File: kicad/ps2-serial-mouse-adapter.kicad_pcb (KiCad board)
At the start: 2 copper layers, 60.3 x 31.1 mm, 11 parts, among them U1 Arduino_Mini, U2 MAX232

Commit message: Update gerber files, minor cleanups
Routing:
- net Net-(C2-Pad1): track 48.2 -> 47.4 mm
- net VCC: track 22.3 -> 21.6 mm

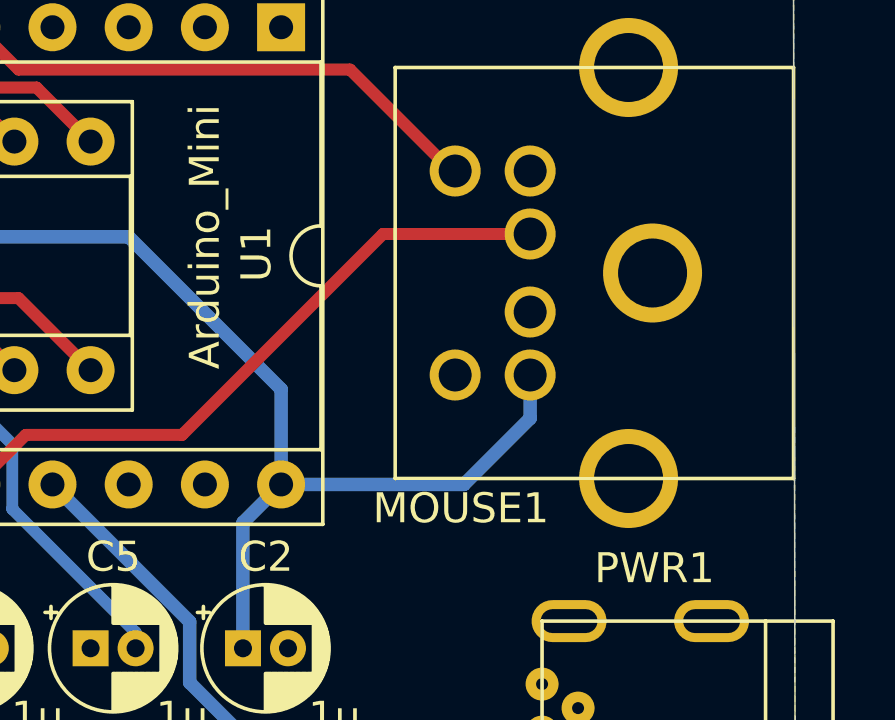
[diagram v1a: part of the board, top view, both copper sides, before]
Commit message: Add necroware kicad library
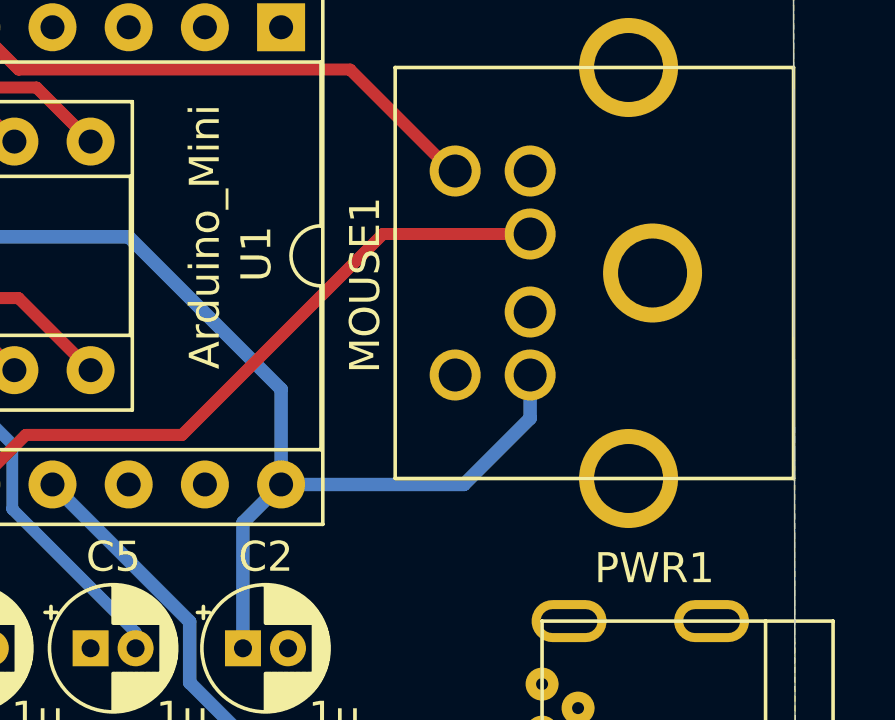
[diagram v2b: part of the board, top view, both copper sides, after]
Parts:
- MOUSE1: footprint MyLibrary:Mini_DIN_6_LCSC_C77848 -> Necroware:Mini_DIN_6_LCSC_C77848
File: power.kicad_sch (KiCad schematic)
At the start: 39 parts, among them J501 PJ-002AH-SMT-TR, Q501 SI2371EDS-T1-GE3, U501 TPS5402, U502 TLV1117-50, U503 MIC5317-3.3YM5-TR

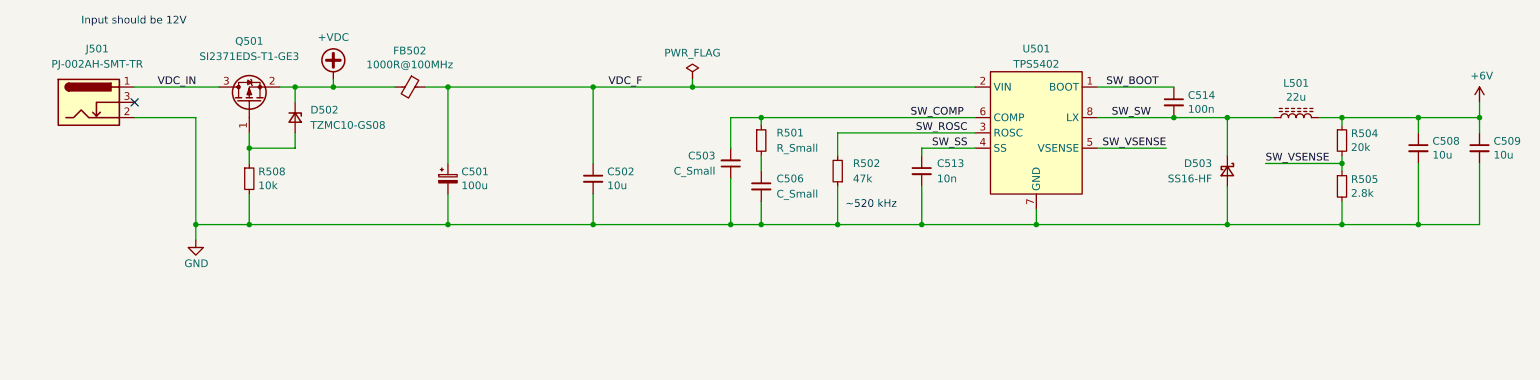
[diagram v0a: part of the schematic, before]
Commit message: Complete power supply design
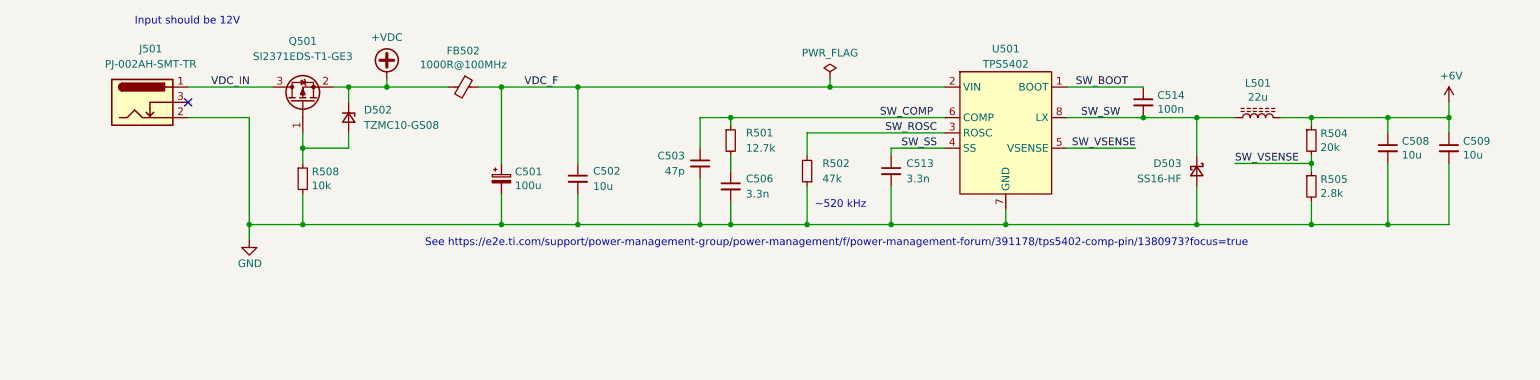
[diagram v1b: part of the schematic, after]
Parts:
- C503: value C_Small -> 47p; PN (none) -> 885012007014
- C506: value C_Small -> 3.3n; PN (none) -> C2012C0G2A332J125AA
- C513: value 10n -> 3.3n; PN (none) -> C2012C0G2A332J125AA
- R501: value R_Small -> 12.7k; PN (none) -> CR0805-FX-1272ELF
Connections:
- net GND: now also C503.2; no longer C503.1
- net SW_COMP: now also C503.1; no longer C503.2
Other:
- note added: "See https://e2e.ti.com/support/power-management-group/power-management/f/power-management-forum/391178/tps5402-comp-pin/1380973?focus=true"
- moved on the sheet: C501, C502, C506, C508, C509, C514, D502, D503, FB502, J501, L501, Q501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

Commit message: Ready for layout
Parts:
- L501: footprint (none) -> Inductor_SMD:L_Taiyo-Yuden_NR-50xx_HandSoldering
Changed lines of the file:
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@@
     (property "Reference" "L501" (id 0) (at 228.6 29.845 90))
     (property "Value" "22u" (id 1) (at 228.6 32.1564 90))
-    (property "Footprint" "" (id 2) (at 228.6 35.56 0)
+    (property "Footprint" "Inductor_SMD:L_Taiyo-Yuden_NR-50xx_HandSoldering" (id 2) (at 228.6 35.56 0)
       (effects (font (size 1.27 1.27)) hide)
     )

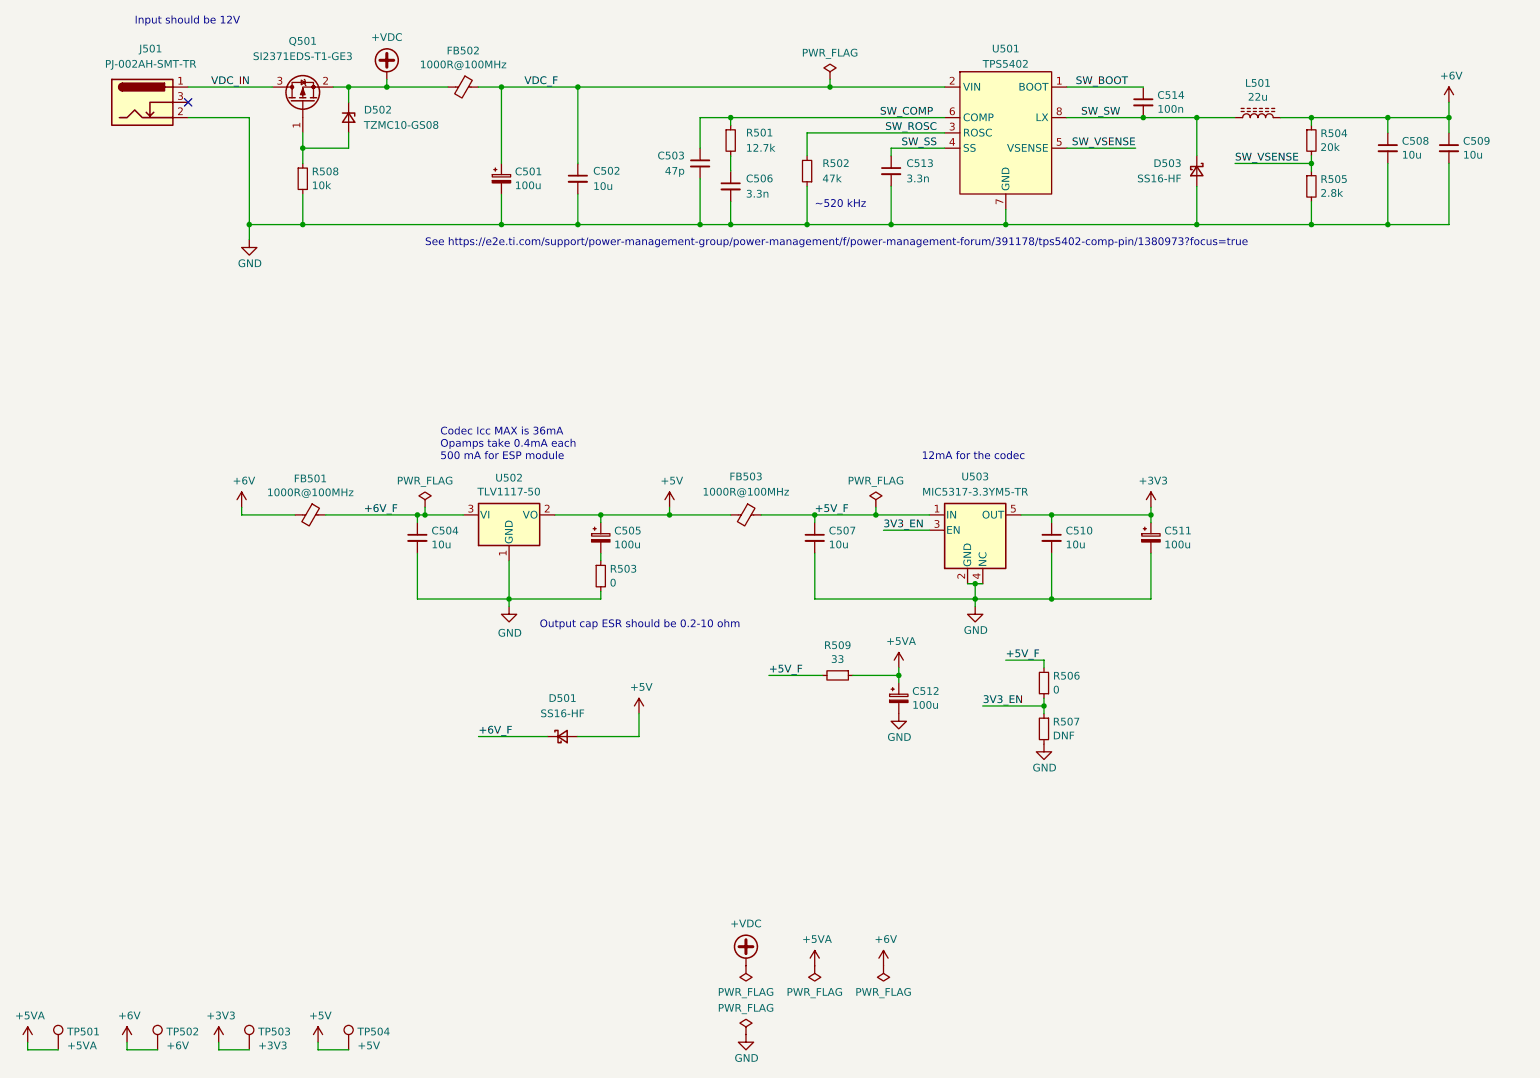
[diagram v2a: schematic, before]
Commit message: Clean up layout, add testpoints, layer markers
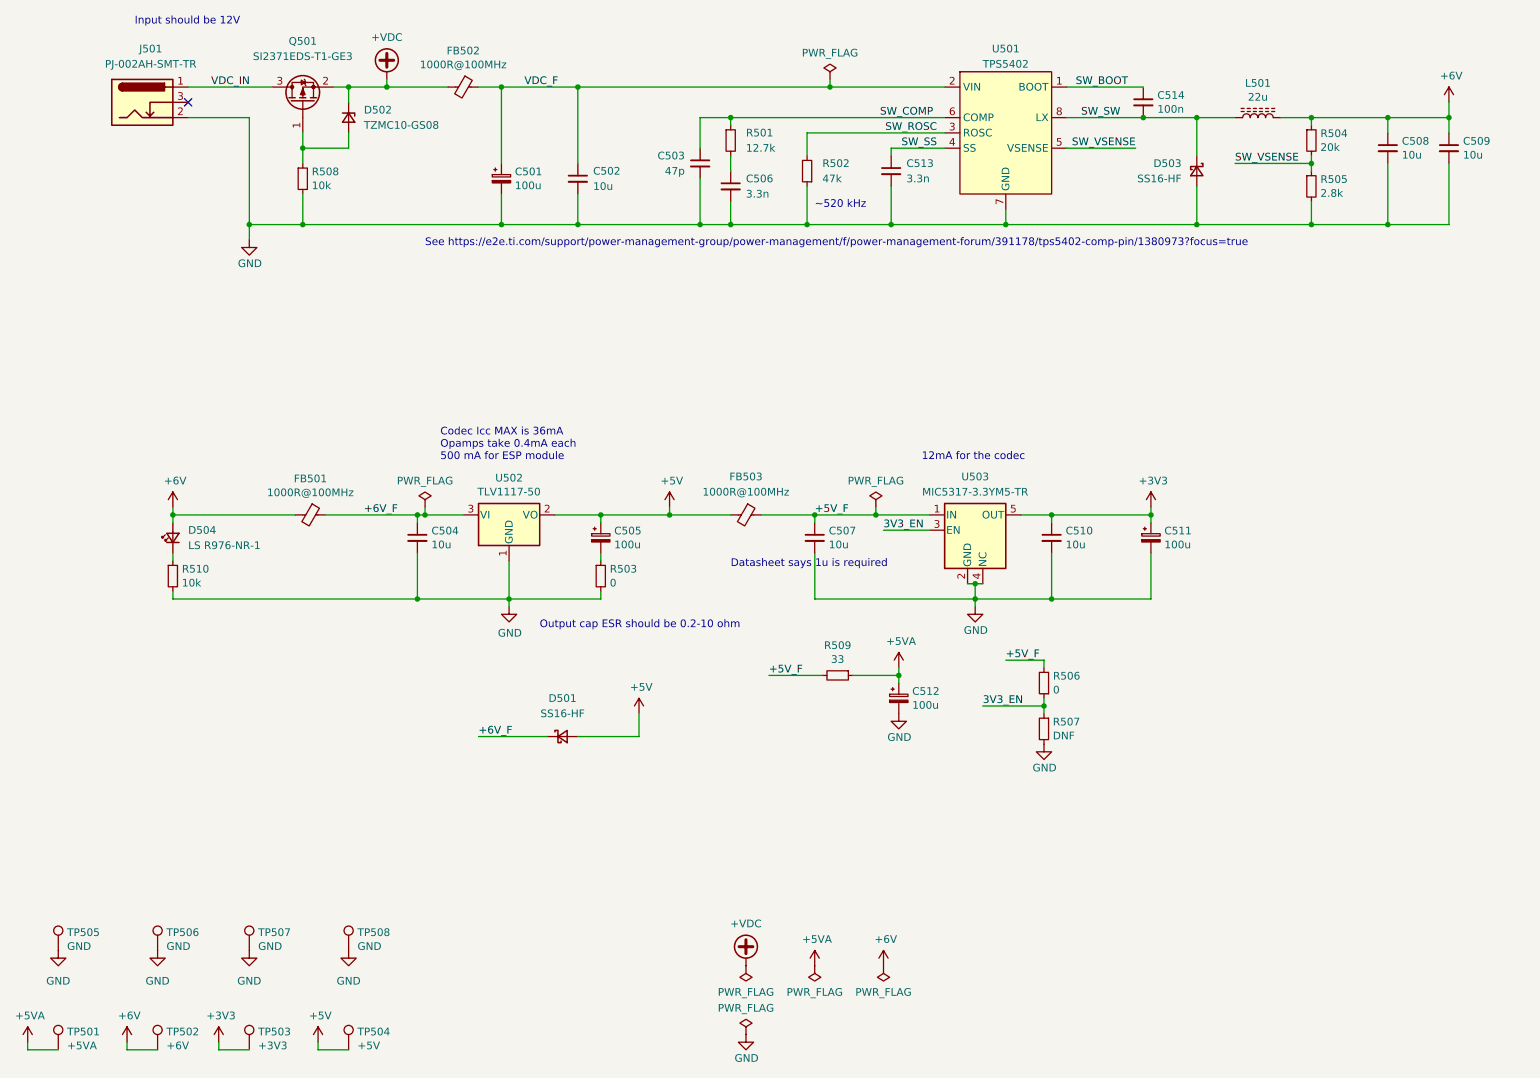
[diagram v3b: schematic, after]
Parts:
- added D504: LS R976-NR-1, LED_SMD:LED_0805_2012Metric_Castellated, symbol Device:LED_Small
- added R510: 10k, Resistor_SMD:R_0805_2012Metric_Pad1.20x1.40mm_HandSolder, symbol Device:R_Small
- added TP505, TP506, TP507, TP508: GND, guitar_dsp_platform:TestPoint_THTPad_D2.0mm_Drill1.0mm, symbol Connector:TestPoint
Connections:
- net +6V: now also D504.2 (A)
- net GND: now also R510.2, TP505.1, TP506.1, TP507.1, TP508.1
- new net: D504.1 (K), R510.1
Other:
- note added: "Datasheet says 1u is required"

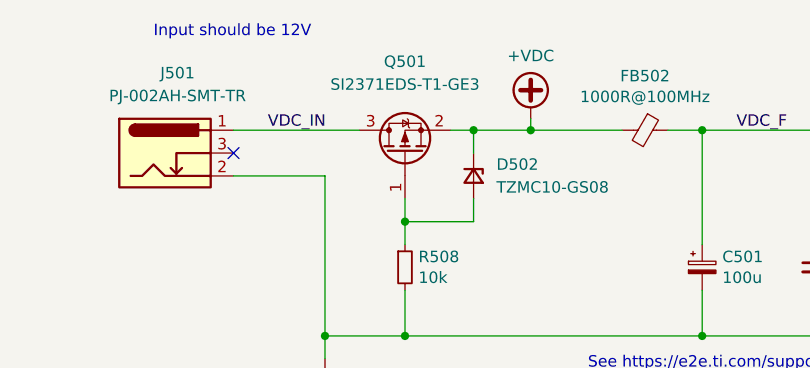
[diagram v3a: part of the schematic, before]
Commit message: Final BOM changes
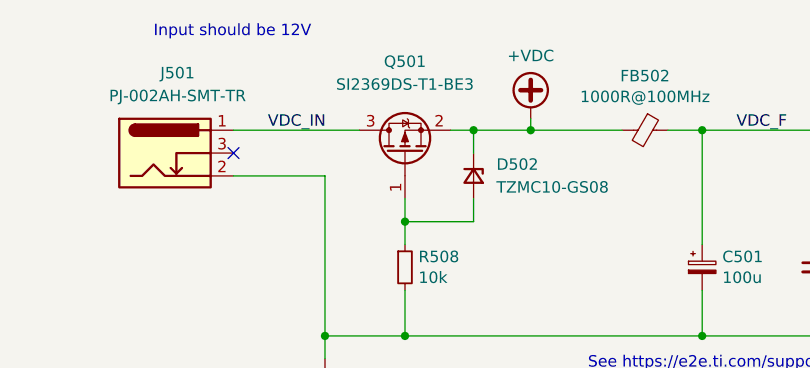
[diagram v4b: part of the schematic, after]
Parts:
- C501, C505, C511, C512: footprint Capacitor_SMD:CP_Elec_6.3x5.8 -> Capacitor_SMD:CP_Elec_6.3x7.7; PN EEEFK1E101SP -> EEE1EA101XAP
- Q501: value SI2371EDS-T1-GE3 -> SI2369DS-T1-BE3; PN SI2371EDS-T1-GE3 -> SI2369DS-T1-BE3
- U501: PN (none) -> TPS5402DR
- U502: PN TLV1117-15CDCY -> TLV1117-50IDCYR
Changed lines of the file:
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@@
       (effects (font (size 1.27 1.27)) (justify left))
     )
-    (property "Footprint" "Capacitor_SMD:CP_Elec_6.3x5.8" (id 2) (at 102.87 45.72 0)
-      (effects (font (size 1.27 1.27)) hide)
-    )
-    (property "Datasheet" "https://www.mouser.co.uk/datasheet/2/315/ABA0000C1251-1138508.pdf" (id 3) (at 102.87 45.72 0)
-      (effects (font (size 1.27 1.27)) hide)
-    )
-    (property "PN" "EEEFK1E101SP" (id 4) (at 102.87 45.72 0)
+    (property "Footprint" "Capacitor_SMD:CP_Elec_6.3x7.7" (id 2) (at 102.87 45.72 0)
+      (effects (font (size 1.27 1.27)) hide)
+    )
+    (property "Datasheet" "https://www.mouser.co.uk/datasheet/2/315/ABA0000C1142-947446.pdf" (id 3) (at 102.87 45.72 0)
+      (effects (font (size 1.27 1.27)) hide)
+    )
+    (property "PN" "EEE1EA101XAP" (id 4) (at 102.87 45.72 0)
       (effects (font (size 1.27 1.27)) hide)
     )
@@
       (effects (font (size 1.27 1.27)) (justify left))
     )
-    (property "Footprint" "Capacitor_SMD:CP_Elec_6.3x5.8" (id 2) (at 119.38 105.41 0)
-      (effects (font (size 1.27 1.27)) hide)
-    )
-    (property "Datasheet" "https://www.mouser.co.uk/datasheet/2/315/ABA0000C1251-1138508.pdf" (id 3) (at 119.38 105.41 0)
-      (effects (font (size 1.27 1.27)) hide)
-    )
-    (property "PN" "EEEFK1E101SP" (id 4) (at 119.38 105.41 0)
+    (property "Footprint" "Capacitor_SMD:CP_Elec_6.3x7.7" (id 2) (at 119.38 105.41 0)
+      (effects (font (size 1.27 1.27)) hide)
+    )
+    (property "Datasheet" "https://www.mouser.co.uk/datasheet/2/315/ABA0000C1142-947446.pdf" (id 3) (at 119.38 105.41 0)
+      (effects (font (size 1.27 1.27)) hide)
+    )
+    (property "PN" "EEE1EA101XAP" (id 4) (at 119.38 105.41 0)
       (effects (font (size 1.27 1.27)) hide)
     )
@@
       (effects (font (size 1.27 1.27)) (justify left))
     )
-    (property "Footprint" "Capacitor_SMD:CP_Elec_6.3x5.8" (id 2) (at 168.91 132.08 0)
-      (effects (font (size 1.27 1.27)) hide)
-    )
-    (property "Datasheet" "https://www.mouser.co.uk/datasheet/2/315/ABA0000C1251-1138508.pdf" (id 3) (at 168.91 132.08 0)
-      (effects (font (size 1.27 1.27)) hide)
-    )
-    (property "PN" "EEEFK1E101SP" (id 4) (at 168.91 132.08 0)
+    (property "Footprint" "Capacitor_SMD:CP_Elec_6.3x7.7" (id 2) (at 168.91 132.08 0)
+      (effects (font (size 1.27 1.27)) hide)
+    )
+    (property "Datasheet" "https://www.mouser.co.uk/datasheet/2/315/ABA0000C1142-947446.pdf" (id 3) (at 168.91 132.08 0)
+      (effects (font (size 1.27 1.27)) hide)
+    )
+    (property "PN" "EEE1EA101XAP" (id 4) (at 168.91 132.08 0)
       (effects (font (size 1.27 1.27)) hide)
     )
@@
       (effects (font (size 1.27 1.27)) (justify left))
     )
-    (property "Footprint" "Capacitor_SMD:CP_Elec_6.3x5.8" (id 2) (at 210.82 105.41 0)
-      (effects (font (size 1.27 1.27)) hide)
-    )
-    (property "Datasheet" "https://www.mouser.co.uk/datasheet/2/315/ABA0000C1251-1138508.pdf" (id 3) (at 210.82 105.41 0)
-      (effects (font (size 1.27 1.27)) hide)
-    )
-    (property "PN" "EEEFK1E101SP" (id 4) (at 210.82 105.41 0)
+    (property "Footprint" "Capacitor_SMD:CP_Elec_6.3x7.7" (id 2) (at 210.82 105.41 0)
+      (effects (font (size 1.27 1.27)) hide)
+    )
+    (property "Datasheet" "https://www.mouser.co.uk/datasheet/2/315/ABA0000C1142-947446.pdf" (id 3) (at 210.82 105.41 0)
+      (effects (font (size 1.27 1.27)) hide)
+    )
+    (property "PN" "EEE1EA101XAP" (id 4) (at 210.82 105.41 0)
       (effects (font (size 1.27 1.27)) hide)
     )
@@
     (in_bom yes) (on_board yes) (fields_autoplaced)
     (property "Reference" "Q501" (id 0) (at 69.85 22.86 90))
-    (property "Value" "SI2371EDS-T1-GE3" (id 1) (at 69.85 25.4 90))
+    (property "Value" "SI2369DS-T1-BE3" (id 1) (at 69.85 25.4 90))
     (property "Footprint" "Package_TO_SOT_SMD:SOT-23" (id 2) (at 67.31 27.94 0)
       (effects (font (size 1.27 1.27)) hide)
     )
-    (property "Datasheet" "https://www.mouser.co.uk/datasheet/2/427/VISH_S_A0010613187_1-2571006.pdf" (id 3) (at 69.85 33.02 0)
-      (effects (font (size 1.27 1.27)) hide)
-    )
-    (property "PN" "SI2371EDS-T1-GE3" (id 4) (at 69.85 33.02 90)
+    (property "Datasheet" "https://www.mouser.co.uk/datasheet/2/427/si2369d-1764360.pdf" (id 3) (at 69.85 33.02 0)
+      (effects (font (size 1.27 1.27)) hide)
+    )
+    (property "PN" "SI2369DS-T1-BE3" (id 4) (at 69.85 33.02 90)
       (effects (font (size 1.27 1.27)) hide)
     )
@@
       (effects (font (size 1.27 1.27)) hide)
     )
-    (property "PN" "TLV1117-15CDCY" (id 4) (at 104.14 101.6 0)
+    (property "PN" "TLV1117-50IDCYR" (id 4) (at 104.14 101.6 0)
       (effects (font (size 1.27 1.27)) hide)
     )
@@
       (effects (font (size 1.27 1.27)) hide)
     )
+    (property "PN" "TPS5402DR" (id 4) (at 186.69 34.29 0)
+      (effects (font (size 1.27 1.27)) hide)
+    )

◆ **WHAT THE EXERCISE ASKS**: One number is the whole answer: how many lines in the records contain "diagram".

◆ **TASK SOLUTION**: 8